Feasting, Writing and Roaming Across India
Surviving India with Imodium
India hardly feels like a nation that would be easy for anyone, inbred veteran or fleeting visitor, to digest. So it’s apt that a book titled Digesting India starts with the author recounting experiences of the opposite: of loose motions, projectile vomits and other stomach-churning situations that inevitably hit adventurous travelers. Especially folks like Zac, who are extraordinarily audacious when it comes to sampling foods. So much so, that they are forced to record their t.t.b/h (trips to the bathroom per hour), blowing toilet doors off their hinges or fertilizing proximal coconut farms. This then is O Yeah’s sage advice to newbie foodie tourists: never set out on your journey without Imodium.

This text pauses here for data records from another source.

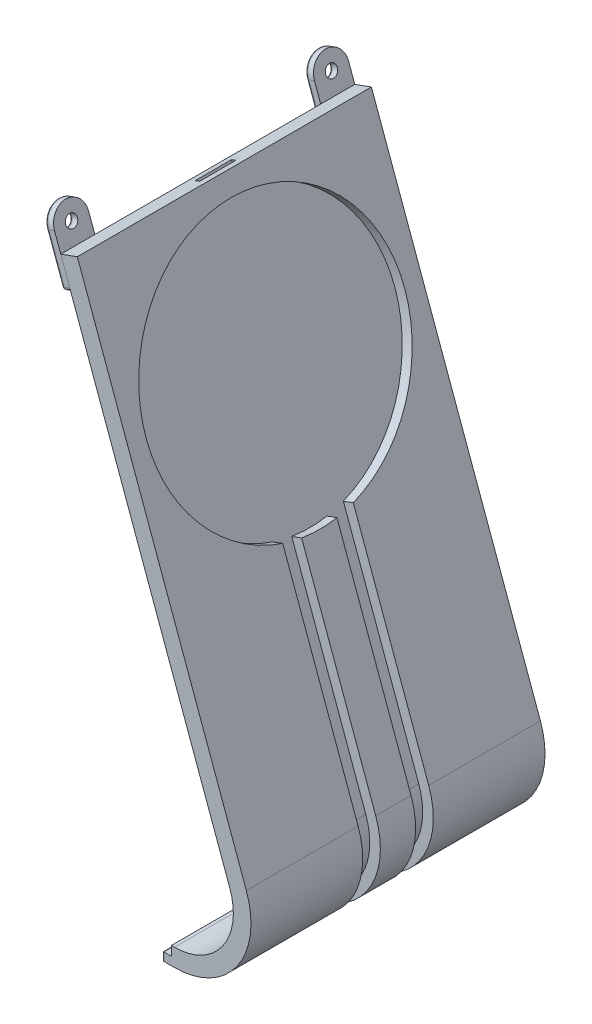
SolidWorks part; units mm, degrees
material "PLA"
ref_plane "前视基准面" through (0, 0, 0) normal (0, 0, 1) x (1, 0, 0)
ref_plane "上视基准面" through (0, 0, 0) normal (0, 1, 0) x (1, 0, 0)
ref_plane "右视基准面" through (0, 0, 0) normal (1, 0, 0) x (0, 0, -1)
other "Configuration Table"
sketch "草图2" plane through (0, 0, 0) normal (0, 0, 1) x (1, 0, 0)
  line L0 (-44.8208, 6.0497) -> (31.0025, 6.0497) construction
  line L5 (40.3995, 19.4699) -> (11.6565, 98.4406)
  line L6 (30.3692, 6.0497) -> (30.3692, 4.5497) construction
  line L7 (13.6945, 105.2907) -> (9.3719, 103.7174) construction
  line L8 (9.3719, 104.7174) -> (40.3995, 19.4699) construction
  line L12 (31.0025, 6.0497) -> (30.4692, 6.0497)
  arc A0 (31.0025, 6.0497) -> (40.3995, 19.4699) centre (31.0025, 16.0497) ccw
  arc A1 (31.0025, 6.0497) -> (40.3995, 19.4699) centre (31.0025, 16.0497) ccw construction
  dimension "D3" = 0.1
  dimension "D1" = 5.74
extrude "整体拉伸-薄壁1" add sketch "草图2" along normal mid plane 50 thin
sketch "草图4" plane through (44.7502, 16.2877, 0) normal (0.9397, 0.342, 0) x (0, 0, -1)
  line L0 (-25, 88.5171) -> (25, 88.5171) construction
  circle A0 centre (0, 63.1171) radius 22
  dimension "D1" = 44
  dimension "D2" = 25.4
extrude "中间圆切除-拉伸1" cut sketch "草图4" against normal blind 1.8
sketch "草图3" plane through (0, 0, 0) normal (0, 0, 1) x (1, 0, 0)
  line L0 (43.2186, 20.4959) -> (14.4756, 99.4666) construction
  line L1 (43.2186, 20.4959) -> (14.4756, 99.4666) construction
  line L2 (30.4692, 3.0497) -> (30.4692, 6.0497) construction
  line L5 (41.5271, 19.8803) -> (28.9959, 54.3095)
  line L6 (41.5271, 19.8803) -> (12.7841, 98.851) construction
  line L7 (30.4692, 4.8624) -> (30.4692, 4.8624) construction
  line L9 (28.9959, 54.3095) -> (30.6873, 54.9252) construction
  line L16 (28.9959, 54.3095) -> (27.9698, 57.1286)
  line L17 (28.672, 4.9619) -> (19.9046, 9.2795) construction
  arc A0 (31.0025, 6.0497) -> (40.3995, 19.4699) centre (31.0025, 16.0497) ccw construction
  arc A1 (19.9046, 9.2795) -> (43.2186, 20.4959) centre (31.0025, 16.0497) ccw construction
  arc A2 (30.4692, 4.8624) -> (41.5271, 19.8803) centre (31.0025, 16.0497) ccw
  dimension "D2" = 3
  dimension "D1" = 1.8
extrude "线槽切除-拉伸-薄壁1" cut sketch "草图3" against normal blind 3 from offset 6 thin
mirror "镜向1" about plane through (0, 0, 0) normal (0, 0, 1) of "线槽切除-拉伸-薄壁1"
sketch "草图11" plane through (30.4692, 0, 0) normal (-1, 0, 0) x (0, 0, 1)
  line L0 (-25, 3.0497) -> (-25, 6.0497) construction
  line L1 (-25, 4.4497) -> (-6, 4.4497)
  line L2 (-25, 4.4497) -> (-25, 3.0497)
  line L3 (-25, 3.0497) -> (-6, 3.0497)
  line L4 (-6, 4.4497) -> (-6, 3.0497)
  line L5 (-6, 4.8624) -> (-6, 3.0606) construction
  line L6 (6, 4.4497) -> (25, 4.4497)
  line L7 (6, 4.4497) -> (6, 3.0497)
  line L8 (6, 3.0497) -> (25, 3.0497)
  line L9 (25, 4.4497) -> (25, 3.0497)
  line L10 (25, 3.0497) -> (-25, 3.0497) construction
  line L11 (6, 3.0606) -> (6, 4.8624) construction
  line L12 (25, 3.0497) -> (25, 6.0497) construction
  line L14 (25, 6.0497) -> (-25, 6.0497) construction
  dimension "D1" = 1.6
  dimension "D2" = 1.6
extrude "底部卡扣凸台-拉伸3" add sketch "草图11" along normal blind 1.5
fillet "底部卡扣圆角1" radius 0.25 8 edges at (28.9692, 4.4497, 15.5) (28.9692, 3.7497, 25) (28.9692, 3.0497, 15.5) (28.9692, 3.7497, 6) (28.9692, 4.4497, -15.5) (28.9692, 3.7497, -6) (28.9692, 3.0497, -15.5) (28.9692, 3.7497, -25)
sketch "草图15" plane through (41.9311, 15.2617, 0) normal (-0.9397, -0.342, 0) x (0, 0, 1)
  line L5 (0, 95.1968) -> (0, 74.5538) construction
  line L6 (37.5, 95.1968) -> (-37.5, 95.1968) construction
  line L19 (-25, 4.4783) -> (-25, 88.5171) construction
  line L21 (-25, 91.6171) -> (-25, 83.5171)
  line L22 (-25, 83.5171) -> (-19.2, 83.5171)
  line L23 (-19.2, 91.6171) -> (-19.2, 83.5171)
  line L24 (25, 88.5171) -> (-25, 88.5171) construction
  line L25 (19.2, 91.6171) -> (19.2, 83.5171)
  line L26 (25, 83.5171) -> (19.2, 83.5171)
  line L27 (25, 91.6171) -> (25, 83.5171)
  arc A0 (-19.2, 91.6171) -> (-25, 91.6171) centre (-22.1, 91.6171) ccw
  circle A1 centre (-22.1, 91.6171) radius 1
  circle A6 centre (22.1, 91.6171) radius 1
  arc A7 (19.2, 91.6171) -> (25, 91.6171) centre (22.1, 91.6171) cw
  dimension "D1" = 2
  dimension "D2" = 5
extrude "螺丝凸台-拉伸1" add sketch "草图15" along normal blind 1.5 separate body
sketch "草图14" plane through (-30.2746, 83.1789, 0) normal (-0.342, 0.9397, 0) x (0.9397, 0.342, 0)
  line L0 (44.2802, -5.1) -> (47.2802, -5.1) construction
  line L1 (46.4222, 3.1) -> (45.6222, 3.1)
  line L2 (46.4222, 3.1) -> (46.4222, -3.1)
  line L3 (46.4222, -3.1) -> (45.6222, -3.1)
  line L4 (45.6222, 3.1) -> (45.6222, -3.1)
  line L5 (47.2802, 5.1) -> (44.2802, 5.1) construction
  line L6 (44.6222, -25) -> (44.6222, 25) construction
  line L7 (47.6222, -25) -> (47.6222, 25) construction
  dimension "D1" = 2
  dimension "D2" = 2
  dimension "D3" = 1
  dimension "D4" = 1.2
extrude "扣部切除-拉伸2" cut sketch "草图14" against normal blind 1
fillet "螺丝圆角2" radius 0.5 7 edges at (9.5287, 99.9009, -22.1) (8.1948, 103.5657, -22.1) (10.5719, 97.0348, -25) (10.5719, 97.0348, -19.2) (11.9571, 93.2291, -22.1) (12.6618, 93.4856, -19.2) (12.6618, 93.4856, -25)
fillet "螺丝圆角3" radius 0.5 7 edges at (8.8447, 101.7803, 22.1) (11.9571, 93.2291, 22.1) (10.5719, 97.0348, 19.2) (8.1948, 103.5657, 22.1) (12.6618, 93.4856, 19.2) (10.5719, 97.0348, 25) (12.6618, 93.4856, 25)

Exploring Foods and Places
Fired by a gusto to discover and rediscover his adopted country, Zac is clear about his reasons for traveling: “For me, travel has always been about exploring – be it cuisines or cultures.” Naturally the Finnish-born, Swedish-raised author hasn’t limited his forays to the humdrum resort-type spaces that most tourists huddle in. He’s dozed off on railway platforms in Salt Lake City and rural Punjab, or hung about “flea-infested bus stations in Africa.” While accumulating reams of gritty tales to enthrall boozy pub-hoppers or the literary crowd that gets woozy on words. Including fascinating tidbits about writers and spaces/places that spawned their works.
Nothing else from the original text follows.